### WHAT IS REQUIRED:
Please take the records that follow and repeat exactly the lines starting with the line with "#163=CARTESIAN_POINT('',(0.,-25.52,-7.5));" and going on through the line with "#172=DIRECTION('',(0.,-1.,0.));".

DATASET CONTENT: Begin

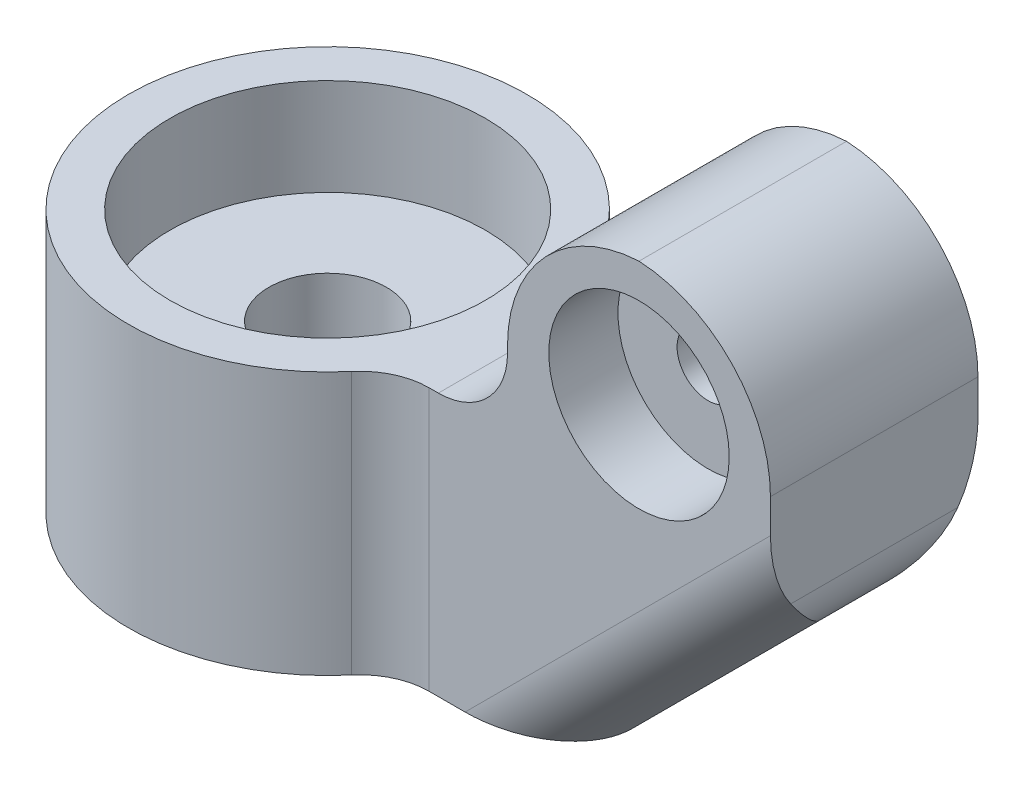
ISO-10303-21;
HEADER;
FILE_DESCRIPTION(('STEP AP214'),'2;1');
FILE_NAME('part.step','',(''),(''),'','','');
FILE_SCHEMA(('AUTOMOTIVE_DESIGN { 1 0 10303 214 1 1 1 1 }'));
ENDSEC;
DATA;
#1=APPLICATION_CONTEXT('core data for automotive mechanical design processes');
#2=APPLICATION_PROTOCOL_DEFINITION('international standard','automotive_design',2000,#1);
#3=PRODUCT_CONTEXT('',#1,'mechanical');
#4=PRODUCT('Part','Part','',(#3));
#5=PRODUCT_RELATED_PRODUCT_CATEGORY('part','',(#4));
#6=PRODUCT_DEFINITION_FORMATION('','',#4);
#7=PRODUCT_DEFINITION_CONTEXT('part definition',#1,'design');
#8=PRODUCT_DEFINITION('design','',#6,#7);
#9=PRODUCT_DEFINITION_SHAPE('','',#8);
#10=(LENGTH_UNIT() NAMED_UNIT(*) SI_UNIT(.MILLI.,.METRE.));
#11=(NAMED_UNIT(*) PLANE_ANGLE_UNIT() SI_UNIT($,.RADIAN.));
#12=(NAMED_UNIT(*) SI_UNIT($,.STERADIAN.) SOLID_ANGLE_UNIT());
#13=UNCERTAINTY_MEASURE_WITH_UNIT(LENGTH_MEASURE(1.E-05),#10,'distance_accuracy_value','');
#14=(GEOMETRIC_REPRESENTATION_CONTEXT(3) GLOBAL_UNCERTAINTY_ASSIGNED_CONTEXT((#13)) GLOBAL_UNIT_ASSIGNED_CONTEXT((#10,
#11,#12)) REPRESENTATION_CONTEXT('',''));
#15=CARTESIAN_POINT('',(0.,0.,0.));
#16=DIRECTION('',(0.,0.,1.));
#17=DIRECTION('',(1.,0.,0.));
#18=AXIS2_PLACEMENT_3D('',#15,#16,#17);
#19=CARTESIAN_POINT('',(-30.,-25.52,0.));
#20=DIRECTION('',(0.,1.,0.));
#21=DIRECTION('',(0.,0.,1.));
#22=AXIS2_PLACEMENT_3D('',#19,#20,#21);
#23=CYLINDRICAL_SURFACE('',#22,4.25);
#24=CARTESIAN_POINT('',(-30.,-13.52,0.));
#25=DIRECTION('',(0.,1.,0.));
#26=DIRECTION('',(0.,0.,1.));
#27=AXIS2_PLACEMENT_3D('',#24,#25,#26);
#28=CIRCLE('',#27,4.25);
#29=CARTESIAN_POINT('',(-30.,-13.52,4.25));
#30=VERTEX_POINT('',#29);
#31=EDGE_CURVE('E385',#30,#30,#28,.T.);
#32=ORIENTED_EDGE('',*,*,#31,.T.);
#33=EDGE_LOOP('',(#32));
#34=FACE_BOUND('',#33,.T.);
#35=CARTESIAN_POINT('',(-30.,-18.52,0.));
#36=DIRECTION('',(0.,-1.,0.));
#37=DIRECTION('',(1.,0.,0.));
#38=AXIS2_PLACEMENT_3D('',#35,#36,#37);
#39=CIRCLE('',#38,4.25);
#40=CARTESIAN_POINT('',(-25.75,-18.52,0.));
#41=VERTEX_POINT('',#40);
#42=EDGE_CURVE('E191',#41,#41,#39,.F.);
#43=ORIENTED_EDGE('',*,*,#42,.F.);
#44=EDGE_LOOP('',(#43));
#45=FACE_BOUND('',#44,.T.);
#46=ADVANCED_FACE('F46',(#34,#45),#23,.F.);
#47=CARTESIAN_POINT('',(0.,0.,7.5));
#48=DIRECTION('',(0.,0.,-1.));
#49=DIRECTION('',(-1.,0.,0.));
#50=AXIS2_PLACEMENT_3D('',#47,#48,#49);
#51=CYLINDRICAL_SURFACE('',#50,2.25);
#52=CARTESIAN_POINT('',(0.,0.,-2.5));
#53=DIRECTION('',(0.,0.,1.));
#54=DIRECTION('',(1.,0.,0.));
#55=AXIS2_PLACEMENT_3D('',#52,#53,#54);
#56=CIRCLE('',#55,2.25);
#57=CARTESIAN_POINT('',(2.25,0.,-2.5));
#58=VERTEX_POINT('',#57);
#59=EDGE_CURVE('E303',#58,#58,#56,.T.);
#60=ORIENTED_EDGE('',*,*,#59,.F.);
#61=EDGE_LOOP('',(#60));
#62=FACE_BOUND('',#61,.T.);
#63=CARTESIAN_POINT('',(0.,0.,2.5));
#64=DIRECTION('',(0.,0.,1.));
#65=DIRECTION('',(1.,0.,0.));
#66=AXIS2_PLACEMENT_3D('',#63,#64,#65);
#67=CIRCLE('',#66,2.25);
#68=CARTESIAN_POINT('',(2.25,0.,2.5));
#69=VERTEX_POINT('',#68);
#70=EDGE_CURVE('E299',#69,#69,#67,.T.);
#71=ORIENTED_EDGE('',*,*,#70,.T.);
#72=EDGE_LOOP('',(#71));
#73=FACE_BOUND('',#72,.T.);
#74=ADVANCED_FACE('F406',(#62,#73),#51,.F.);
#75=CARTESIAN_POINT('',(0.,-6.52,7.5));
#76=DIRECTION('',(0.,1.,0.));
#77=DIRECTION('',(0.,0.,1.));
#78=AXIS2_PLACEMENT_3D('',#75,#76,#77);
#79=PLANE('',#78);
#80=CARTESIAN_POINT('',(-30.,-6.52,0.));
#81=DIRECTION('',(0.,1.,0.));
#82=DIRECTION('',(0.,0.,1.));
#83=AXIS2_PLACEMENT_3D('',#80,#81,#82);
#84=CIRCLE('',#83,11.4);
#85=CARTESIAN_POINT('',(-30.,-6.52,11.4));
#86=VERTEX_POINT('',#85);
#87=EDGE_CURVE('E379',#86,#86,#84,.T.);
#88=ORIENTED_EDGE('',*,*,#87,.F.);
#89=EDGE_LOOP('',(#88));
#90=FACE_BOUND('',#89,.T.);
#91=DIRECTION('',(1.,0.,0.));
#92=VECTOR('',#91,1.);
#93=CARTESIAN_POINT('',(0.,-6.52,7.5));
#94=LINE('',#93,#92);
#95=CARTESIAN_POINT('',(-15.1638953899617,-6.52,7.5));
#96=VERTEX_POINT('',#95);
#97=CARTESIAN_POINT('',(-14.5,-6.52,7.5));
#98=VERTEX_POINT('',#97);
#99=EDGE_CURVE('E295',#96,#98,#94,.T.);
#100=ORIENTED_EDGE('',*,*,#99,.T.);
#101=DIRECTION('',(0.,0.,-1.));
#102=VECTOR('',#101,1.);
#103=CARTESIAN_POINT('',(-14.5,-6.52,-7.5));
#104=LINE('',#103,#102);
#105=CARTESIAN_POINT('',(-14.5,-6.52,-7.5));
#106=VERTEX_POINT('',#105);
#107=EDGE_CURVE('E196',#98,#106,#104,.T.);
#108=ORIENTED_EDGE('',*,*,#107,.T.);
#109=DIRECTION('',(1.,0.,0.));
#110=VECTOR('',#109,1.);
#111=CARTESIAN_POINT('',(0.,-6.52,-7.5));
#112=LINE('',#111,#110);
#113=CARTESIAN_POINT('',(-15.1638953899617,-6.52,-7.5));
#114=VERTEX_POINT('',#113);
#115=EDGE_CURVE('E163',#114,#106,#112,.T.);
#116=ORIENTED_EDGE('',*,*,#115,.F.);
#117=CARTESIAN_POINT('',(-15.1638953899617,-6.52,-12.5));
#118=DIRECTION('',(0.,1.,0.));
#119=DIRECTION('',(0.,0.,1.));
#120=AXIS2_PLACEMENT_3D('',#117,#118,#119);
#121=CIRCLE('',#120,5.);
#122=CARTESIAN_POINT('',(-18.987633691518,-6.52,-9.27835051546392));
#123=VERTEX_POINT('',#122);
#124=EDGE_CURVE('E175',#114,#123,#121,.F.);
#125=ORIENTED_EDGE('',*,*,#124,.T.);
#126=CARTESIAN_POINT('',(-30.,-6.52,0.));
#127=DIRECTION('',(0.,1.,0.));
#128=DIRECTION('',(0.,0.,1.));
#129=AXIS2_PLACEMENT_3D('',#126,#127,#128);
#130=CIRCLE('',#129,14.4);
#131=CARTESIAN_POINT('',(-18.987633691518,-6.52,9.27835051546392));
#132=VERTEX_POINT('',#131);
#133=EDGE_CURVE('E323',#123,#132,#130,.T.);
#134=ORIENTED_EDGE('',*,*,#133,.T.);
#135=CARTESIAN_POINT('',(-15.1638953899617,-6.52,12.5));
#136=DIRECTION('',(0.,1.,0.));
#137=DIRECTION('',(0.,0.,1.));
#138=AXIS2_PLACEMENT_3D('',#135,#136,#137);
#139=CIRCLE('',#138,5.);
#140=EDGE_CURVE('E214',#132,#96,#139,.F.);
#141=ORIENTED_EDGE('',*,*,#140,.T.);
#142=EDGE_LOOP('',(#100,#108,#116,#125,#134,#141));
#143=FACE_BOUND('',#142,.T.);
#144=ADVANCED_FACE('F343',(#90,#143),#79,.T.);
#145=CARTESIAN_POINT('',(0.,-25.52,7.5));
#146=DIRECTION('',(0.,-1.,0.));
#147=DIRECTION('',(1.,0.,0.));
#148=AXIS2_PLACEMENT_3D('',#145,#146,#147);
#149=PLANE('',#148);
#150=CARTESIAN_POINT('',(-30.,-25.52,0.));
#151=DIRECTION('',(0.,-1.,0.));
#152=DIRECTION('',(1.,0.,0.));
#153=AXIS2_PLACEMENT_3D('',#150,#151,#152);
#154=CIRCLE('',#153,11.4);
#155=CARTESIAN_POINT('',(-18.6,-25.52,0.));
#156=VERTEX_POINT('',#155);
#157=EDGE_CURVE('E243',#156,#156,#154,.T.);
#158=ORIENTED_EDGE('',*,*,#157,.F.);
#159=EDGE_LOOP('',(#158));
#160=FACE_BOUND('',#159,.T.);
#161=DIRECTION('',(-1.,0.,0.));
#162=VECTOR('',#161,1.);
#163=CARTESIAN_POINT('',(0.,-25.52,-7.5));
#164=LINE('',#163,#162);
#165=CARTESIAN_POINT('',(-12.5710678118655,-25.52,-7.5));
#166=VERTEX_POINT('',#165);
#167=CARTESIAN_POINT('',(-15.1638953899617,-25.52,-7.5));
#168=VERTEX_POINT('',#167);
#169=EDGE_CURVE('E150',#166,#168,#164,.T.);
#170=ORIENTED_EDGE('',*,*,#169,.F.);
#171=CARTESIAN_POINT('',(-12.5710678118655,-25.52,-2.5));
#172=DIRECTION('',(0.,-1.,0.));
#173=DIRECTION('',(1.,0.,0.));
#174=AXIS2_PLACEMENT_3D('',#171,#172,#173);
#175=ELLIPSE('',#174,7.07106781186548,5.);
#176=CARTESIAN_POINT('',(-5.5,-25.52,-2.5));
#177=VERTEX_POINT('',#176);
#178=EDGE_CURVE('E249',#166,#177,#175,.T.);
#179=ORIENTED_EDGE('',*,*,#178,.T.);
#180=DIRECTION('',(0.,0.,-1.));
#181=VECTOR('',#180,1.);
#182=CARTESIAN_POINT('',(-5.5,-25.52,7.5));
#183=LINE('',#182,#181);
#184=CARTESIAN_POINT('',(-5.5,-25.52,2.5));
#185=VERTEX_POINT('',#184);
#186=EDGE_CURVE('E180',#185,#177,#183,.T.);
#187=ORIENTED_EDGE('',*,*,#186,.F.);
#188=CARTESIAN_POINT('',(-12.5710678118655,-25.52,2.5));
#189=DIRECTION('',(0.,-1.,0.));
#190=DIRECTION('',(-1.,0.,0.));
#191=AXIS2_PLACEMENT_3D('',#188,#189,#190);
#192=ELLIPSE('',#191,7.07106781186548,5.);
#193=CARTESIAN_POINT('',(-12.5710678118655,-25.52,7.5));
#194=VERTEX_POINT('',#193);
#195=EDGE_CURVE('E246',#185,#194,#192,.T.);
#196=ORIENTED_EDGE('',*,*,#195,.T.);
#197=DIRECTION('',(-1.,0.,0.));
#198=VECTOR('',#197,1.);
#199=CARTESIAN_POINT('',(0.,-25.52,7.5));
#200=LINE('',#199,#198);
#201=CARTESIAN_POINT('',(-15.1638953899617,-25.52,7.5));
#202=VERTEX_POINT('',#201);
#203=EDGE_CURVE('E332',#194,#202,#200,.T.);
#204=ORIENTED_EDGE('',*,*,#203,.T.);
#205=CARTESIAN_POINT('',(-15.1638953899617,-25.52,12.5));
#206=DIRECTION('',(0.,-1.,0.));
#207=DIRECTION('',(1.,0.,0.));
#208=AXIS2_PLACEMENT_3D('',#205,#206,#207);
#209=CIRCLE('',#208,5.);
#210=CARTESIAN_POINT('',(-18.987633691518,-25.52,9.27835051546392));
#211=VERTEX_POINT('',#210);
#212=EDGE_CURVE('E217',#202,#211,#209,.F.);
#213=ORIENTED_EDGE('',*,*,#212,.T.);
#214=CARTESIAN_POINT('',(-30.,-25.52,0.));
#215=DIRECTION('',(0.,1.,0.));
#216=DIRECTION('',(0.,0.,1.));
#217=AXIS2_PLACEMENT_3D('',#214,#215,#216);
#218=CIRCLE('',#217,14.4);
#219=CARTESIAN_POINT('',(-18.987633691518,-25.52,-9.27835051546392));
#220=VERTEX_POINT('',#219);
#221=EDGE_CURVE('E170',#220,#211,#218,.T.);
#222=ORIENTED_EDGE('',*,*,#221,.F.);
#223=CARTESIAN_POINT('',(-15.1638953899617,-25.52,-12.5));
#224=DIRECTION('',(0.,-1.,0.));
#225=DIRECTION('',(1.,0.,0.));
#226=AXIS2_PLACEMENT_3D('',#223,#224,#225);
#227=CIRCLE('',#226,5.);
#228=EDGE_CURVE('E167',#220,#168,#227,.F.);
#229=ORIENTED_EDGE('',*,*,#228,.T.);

DATASET CONTENT: End

### RESULT OF THE TASK:
#163=CARTESIAN_POINT('',(0.,-25.52,-7.5));
#164=LINE('',#163,#162);
#165=CARTESIAN_POINT('',(-12.5710678118655,-25.52,-7.5));
#166=VERTEX_POINT('',#165);
#167=CARTESIAN_POINT('',(-15.1638953899617,-25.52,-7.5));
#168=VERTEX_POINT('',#167);
#169=EDGE_CURVE('E150',#166,#168,#164,.T.);
#170=ORIENTED_EDGE('',*,*,#169,.F.);
#171=CARTESIAN_POINT('',(-12.5710678118655,-25.52,-2.5));
#172=DIRECTION('',(0.,-1.,0.));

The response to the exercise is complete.